New guidance has been published for consultation by the Article 29 Data Protection Working Party (WP29) on Data Protection Impact Assessments (DPIAs) pursuant to Article 35 of the General Data Protection Regulation (GDPR). Below is a summary of the key points. The full guidance can be accessed from the WP29 website here.

DPIAs (which are, in some case, mandatory) aim to ensure that the organisation considers and documents the processes they are using and assesses the need and proportionality of such processing. It is important for data controllers to understand the circumstances in which a DPIA should be carried out, and the DPIA process offers an opportunity to demonstrate compliance with the requirements of the GDPR. DPIAs therefore act as an important tool for accountability, and data controllers should take note of when they are necessary; significant fines (up to €10m or 2% of total worldwide annual turnover, whichever is higher) can be imposed for failures.

When must a DPIA be carried out?

Carrying out a DPIA is not mandatory for every processing operation, and it may not be necessary for every processing operation which may result in risks to the rights and freedoms of individuals. Instead it is only if the processing is "likely to result in a high risk" to these rights and freedoms. It is therefore particularly relevant where new data processing technology is being introduced. In cases where it is unclear as to whether a DPIA is required, the WP29 recommends that one should be carried out nonetheless given that a DPIA is a useful tool to help data controllers comply with data protection law.

The guidance sets out the following criteria which should be considered by data controllers when assessing risk level of processing; generally, the more criteria that are met, the more likely it is to "result in a high risk" - "[as] a rule of thumb, a processing operation meeting less than two criteria may not require a DPIA."

  1. Evaluation or scoring, for example, building marketing profiles utilising data collated from the use of a website

  2. Automated-decision making with legal or similar significant effect, for example, where the processing may result in discrimination against individuals

  3. Systematic monitoring, perhaps in circumstances where persons do not know by whom and for what purpose their data is being collected

  4. Sensitive data

  5. Data processed on a large scale

  6. Datasets that have been matched or combined

  7. Data concerning vulnerable data subjects

  8. Innovative use or applying technological or organisational solutions, such as, for example, facial/fingerprint recognition

  9. Data transfer across borders outside the EU

  10. When processing in itself "prevents data subjects from exercising a right or using a service or contract", for example, where a bank uses a credit reference database to screen loan applicants

Organisations are required to document why they deemed a DPIA necessary or unnecessary in the circumstances. In addition, whilst DPIAs are only required post the in-force date of May 2018, organisations are strongly recommended to carry out DPIAs for processing that is already underway and, going forward, to review these regularly, at least every 3 years.

How to carry out a DPIA

The DPIA should be carried out prior to the processing and updated throughout the processing to ensure compliance.

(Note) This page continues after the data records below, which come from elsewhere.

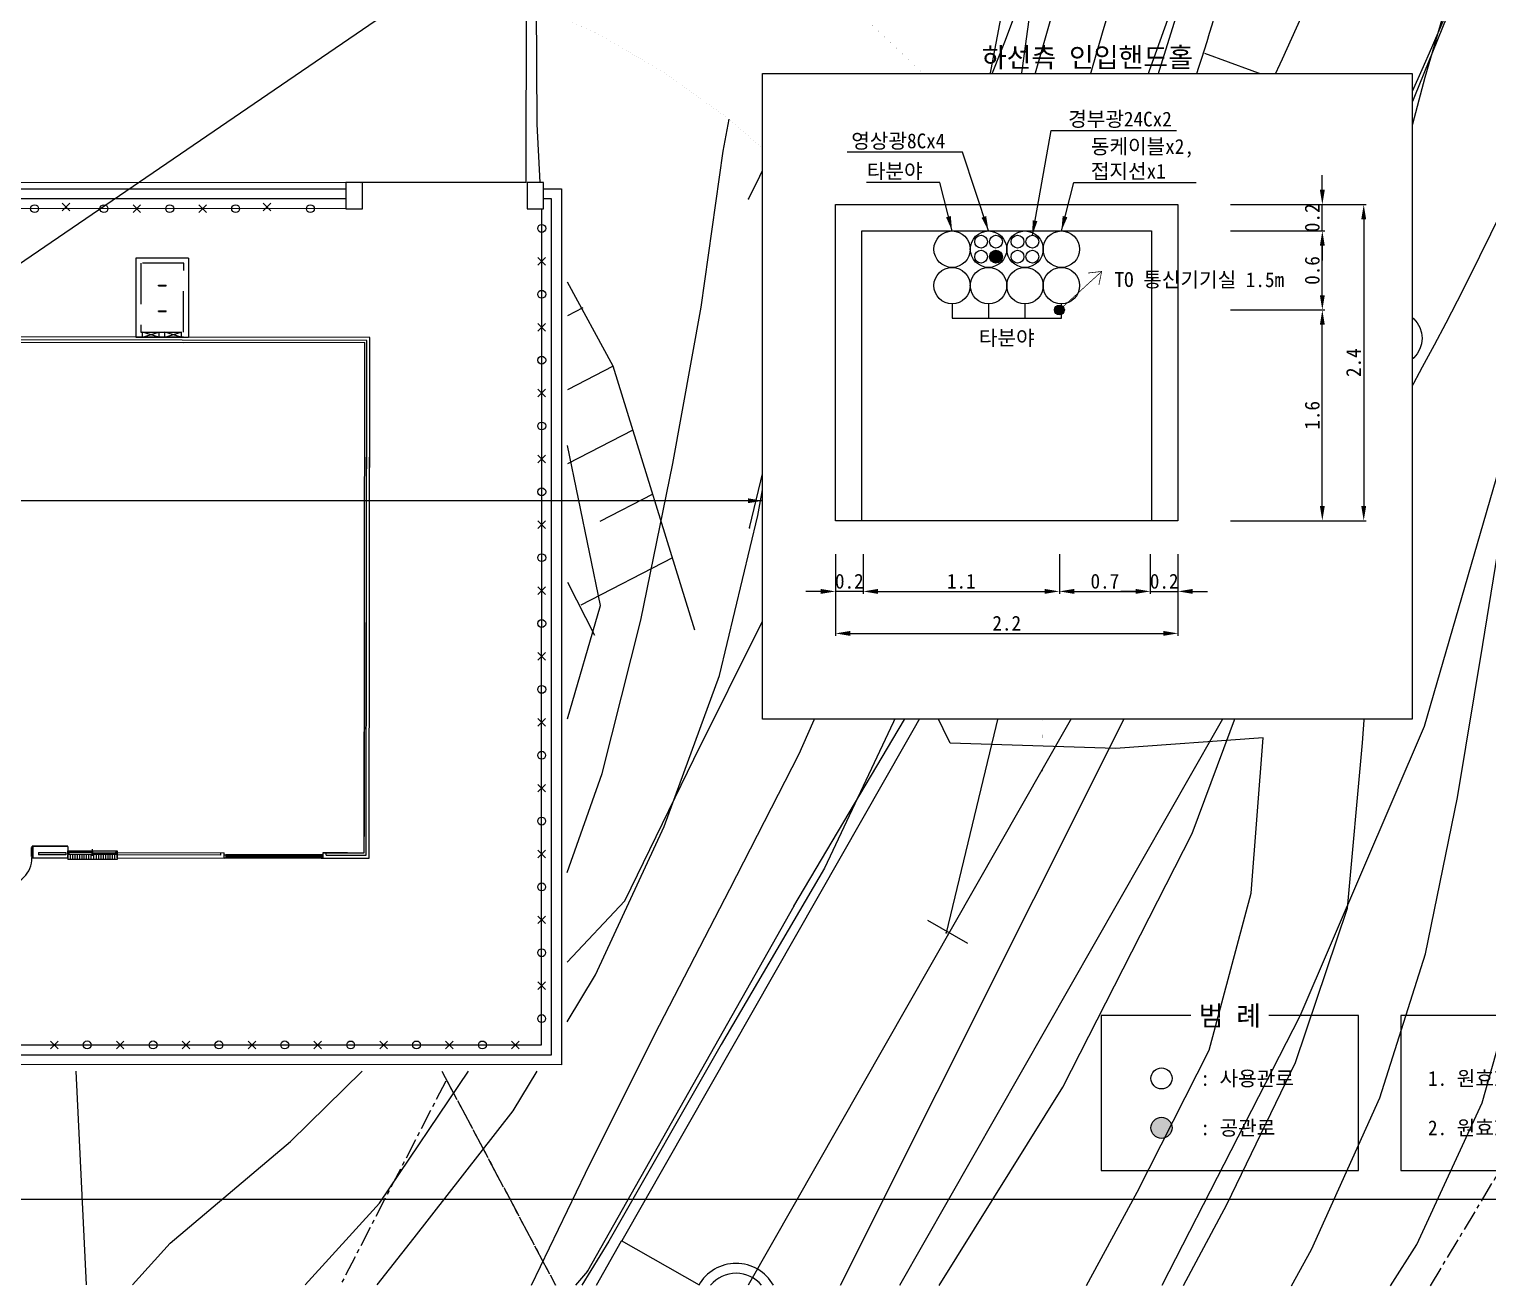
# Model space of a CAD drawing. Extents: x -137 to 172, y -7 to 127.
# Drawn here: x 54.57 to 98.86, y -1.41 to 36.76 of the extents above; entities that cross this region are included whole.
import ezdxf
from ezdxf.enums import TextEntityAlignment as Align

# ---------------------------------------------------------------- set-up
doc = ezdxf.new("R2010")
doc.units = 0
doc.set_wipeout_variables(frame=1)
doc.linetypes.add('CENTER', pattern=[2, 1.25, -0.25, 0.25, -0.25])
doc.linetypes.add('HIDDEN', pattern=[0.375, 0.25, -0.125])
doc.layers.get('Defpoints').update_dxf_attribs({"linetype": 'CONTINUOUS'})
for name, color, linetype in [('TT-BASE', 253, 'CONTINUOUS'), ('TX-LINE', 2, 'CONTINUOUS'), ('TZ-DIMS', 1, 'CONTINUOUS'), ('TZ-LEAL', 1, 'CONTINUOUS'), ('TZ-LINE', 7, 'CONTINUOUS'), ('TZ-TEX2', 3, 'CONTINUOUS'), ('TZ-TEXT', 6, 'CONTINUOUS')]:
    doc.layers.add(name, color=color, linetype=linetype)
doc.layers.add('TX-PAPR', color=2, linetype='CONTINUOUS', plot=False)
doc.styles.get("Standard").update_dxf_attribs({"font": 'GulimChe.ttf'})
doc.dimstyles.new('D150', dxfattribs={"dimscale": 0.15, "dimtxt": 3, "dimasz": 3, "dimexe": 0.5, "dimexo": 0.5, "dimgap": 0.5, "dimtad": 1, "dimdec": 0, "dimzin": 1, "dimdsep": 46, "dimlunit": 6, "dimtxsty": 'Standard', "dimcen": 1, "dimclrd": 1, "dimclre": 1, "dimclrt": 3, "dimadec": 0, "dimazin": 0, "dimtfac": 1, "dimtdec": 0, "dimtix": 1, "dimtmove": 2, "dimatfit": 3, "dimfxl": 0, "dimtvp": 2, "dimlwd": -1, "dimlwe": -1, "dimarcsym": 0})
doc.dimstyles.new('지시선150', dxfattribs={"dimscale": 0.15, "dimtxt": 3, "dimasz": 3, "dimexe": 0.5, "dimexo": 0.5, "dimgap": 0.5, "dimtad": 1, "dimdec": 0, "dimzin": 1, "dimdsep": 46, "dimlunit": 6, "dimtxsty": 'Standard', "dimcen": 1, "dimclrd": 6, "dimclre": 6, "dimclrt": 3, "dimadec": 0, "dimazin": 0, "dimtfac": 1, "dimtdec": 0, "dimtix": 1, "dimtmove": 2, "dimatfit": 3, "dimfxl": 0, "dimtvp": 2, "dimlwd": -1, "dimlwe": -1, "dimarcsym": 0})

# ---------------------------------------------------------------- blocks, each defined once
blk = doc.blocks.new('A$C7DB278B4')
at = {"layer": 'TT-BASE'}
for p, q in [((17, 50), (1470, 50)), ((21, 55), (21, 95)), ((21, 95), (59, 95)), ((21, 55), (59, 55)), ((30, 150), (1483, 150)), ((59, 80), (53, 78)), ((53, 78), (53, 72)), ((59, 70), (53, 72)), ((736, 77), (55, 77)), ((55, 77), (55, 73)), ((736, 73), (55, 73)), ((59, 95), (732, 95)), ((59, 80), (59, 95)), ((59, 81), (61, 80)), ((59, 69), (61, 71)), ((59, 55), (59, 70)), ((59, 55), (732, 55)), ((61, 80), (62, 79)), ((61, 71), (62, 72)), ((62, 79), (62, 77)), ((62, 72), (62, 73)), ((730, 80), (729, 79)), ((729, 79), (729, 77)), ((729, 72), (729, 73)), ((730, 71), (729, 72)), ((732, 81), (730, 80)), ((732, 69), (730, 71)), ((732, 105), (732, 145)), ((732, 145), (767, 145)), ((732, 105), (767, 105)), ((767, 95), (732, 95)), ((732, 95), (732, 80)), ((732, 80), (738, 78)), ((732, 70), (738, 72)), ((732, 70), (732, 55)), ((767, 55), (732, 55)), ((736, 77), (736, 73)), ((738, 78), (738, 72)), ((750, 200), (750, 0)), ((767, 130), (762, 128)), ((762, 122), (762, 128)), ((767, 120), (762, 122)), ((764, 123), (764, 127)), ((764, 127), (1445, 127)), ((764, 123), (1445, 123)), ((767, 130), (767, 145)), ((767, 145), (1441, 145)), ((767, 131), (770, 129)), ((767, 119), (770, 120)), ((767, 105), (767, 120)), ((767, 105), (1441, 105)), ((767, 95), (767, 55)), ((770, 129), (771, 128)), ((770, 120), (771, 121)), ((771, 128), (771, 127)), ((771, 121), (771, 123)), ((1438, 128), (1437, 127)), ((1438, 121), (1437, 123)), ((1439, 129), (1438, 128)), ((1439, 120), (1438, 121)), ((1441, 131), (1439, 129)), ((1441, 119), (1439, 120)), ((1479, 145), (1441, 145)), ((1441, 145), (1441, 130)), ((1441, 130), (1447, 128)), ((1441, 120), (1447, 122)), ((1441, 120), (1441, 105)), ((1479, 105), (1441, 105)), ((1445, 123), (1445, 127)), ((1447, 122), (1447, 128)), ((1479, 145), (1479, 105))]:
    blk.add_line(p, q, dxfattribs=at)
for points in [[(0, 50), (17, 50), (17, 99), (30, 99), (30, 101), (30, 150), (0, 150)], [(1500, 150), (1483, 150), (1483, 101), (1470, 101), (1470, 99), (1470, 50), (1500, 50)]]:
    blk.add_lwpolyline(points, close=True, dxfattribs=at)
blk = doc.blocks.new('*D18')
at = {"layer": 'Defpoints', "color": 0}
for p in [(79.054, 20.888), (79.894, 20.888), (79.054, 19.685)]:
    blk.add_point(p, dxfattribs=at)
at = {"layer": 'TZ-LINE', "color": 1}
for p, q in [((79.054, 20.813), (79.054, 19.61)), ((79.894, 20.813), (79.894, 19.61)), ((78.604, 19.685), (78.154, 19.685)), ((79.894, 19.685), (79.054, 19.685)), ((80.344, 19.685), (80.794, 19.685))]:
    blk.add_line(p, q, dxfattribs=at)
for points in [[(78.604, 19.76), (78.604, 19.61), (79.054, 19.685)], [(80.344, 19.76), (80.344, 19.61), (79.894, 19.685)]]:
    blk.add_solid(points, dxfattribs=at)
at = {"layer": 'TZ-LINE', "color": 3, "insert": (79.474, 19.991), "char_height": 0.45, "attachment_point": 5}
blk.add_mtext('0.2', dxfattribs=at)
blk = doc.blocks.new('*D19')
at = {"layer": 'Defpoints', "color": 0}
for p in [(88.614, 20.888), (89.454, 20.888), (89.454, 19.685)]:
    blk.add_point(p, dxfattribs=at)
at = {"layer": 'TZ-LINE', "color": 1}
for p, q in [((88.614, 20.813), (88.614, 19.61)), ((89.454, 20.813), (89.454, 19.61)), ((88.164, 19.685), (87.714, 19.685)), ((88.614, 19.685), (89.454, 19.685)), ((89.904, 19.685), (90.354, 19.685))]:
    blk.add_line(p, q, dxfattribs=at)
for points in [[(88.164, 19.76), (88.164, 19.61), (88.614, 19.685)], [(89.904, 19.76), (89.904, 19.61), (89.454, 19.685)]]:
    blk.add_solid(points, dxfattribs=at)
at = {"layer": 'TZ-LINE', "color": 3, "insert": (89.034, 19.991), "char_height": 0.45, "attachment_point": 5}
blk.add_mtext('0.2', dxfattribs=at)
blk = doc.blocks.new('*D20')
at = {"layer": 'Defpoints', "color": 0}
for p in [(79.054, 20.888), (89.454, 20.888), (89.454, 18.409)]:
    blk.add_point(p, dxfattribs=at)
at = {"layer": 'TZ-LINE', "color": 1}
for p, q in [((79.054, 20.813), (79.054, 18.334)), ((89.454, 20.813), (89.454, 18.334)), ((79.504, 18.409), (89.004, 18.409))]:
    blk.add_line(p, q, dxfattribs=at)
for points in [[(79.504, 18.484), (79.504, 18.334), (79.054, 18.409)], [(89.004, 18.484), (89.004, 18.334), (89.454, 18.409)]]:
    blk.add_solid(points, dxfattribs=at)
at = {"layer": 'TZ-LINE', "color": 3, "insert": (84.254, 18.715), "char_height": 0.45, "attachment_point": 5}
blk.add_mtext('2.2', dxfattribs=at)
blk = doc.blocks.new('*D21')
at = {"layer": 'Defpoints', "color": 0}
for p in [(79.894, 20.888), (85.854, 20.888), (85.854, 19.685)]:
    blk.add_point(p, dxfattribs=at)
at = {"layer": 'TZ-LINE', "color": 1}
for p, q in [((79.894, 20.813), (79.894, 19.61)), ((85.854, 20.813), (85.854, 19.61)), ((80.344, 19.685), (85.404, 19.685))]:
    blk.add_line(p, q, dxfattribs=at)
for points in [[(80.344, 19.76), (80.344, 19.61), (79.894, 19.685)], [(85.404, 19.76), (85.404, 19.61), (85.854, 19.685)]]:
    blk.add_solid(points, dxfattribs=at)
at = {"layer": 'TZ-LINE', "color": 3, "insert": (82.874, 19.991), "char_height": 0.45, "attachment_point": 5}
blk.add_mtext('1.1', dxfattribs=at)
blk = doc.blocks.new('*D22')
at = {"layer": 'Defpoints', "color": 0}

The data controller has ultimate responsibility for ensuring that the DPIA is carried out; though need not carry it out personally. The data controller must seek advice from the Data Protection Officer (DPO) (who must also monitor the DPIA) and document any decisions taken within the DPIA. Additionally, the data controller must "seek the views of data subjects or their representatives where appropriate".

The GDPR sets out the basic content that should be included in a DPIA as follows below, though there is no specific structure of form it should take. Annex 1 to the guidance provides some useful methodologies that organisations can utilise and Annex 2 sets out criteria for an acceptable DPIA:

  • "A description of the envisaged processing operations and the purposes of the processing;

  • An assessment of the necessity and proportionality of the processing;

  • An assessment of the risks to the rights and freedoms of data subjects;

  • The measures envisaged to:

    • address the risks;

    • demonstrate compliance with this Regulation."

The guidance notes that although it is not a legal requirement of the GDPR, it should be good practice to publish the DPIA in full or in part, helping to foster trust in the controller's processing operations.

Organisations should consider when the supervisory authority should be consulted about the processing, especially where residual risks are high. This may be where individuals "data subjects may encounter significant, or even irreversible, consequences, which they may not overcome, and/or when it seems obvious that the risk will occur". Regardless of whether or not consultation with the supervisory is required based on the level of residual risk, the obligations of retaining a record of the DPIA and updating the DPIA in due course remain.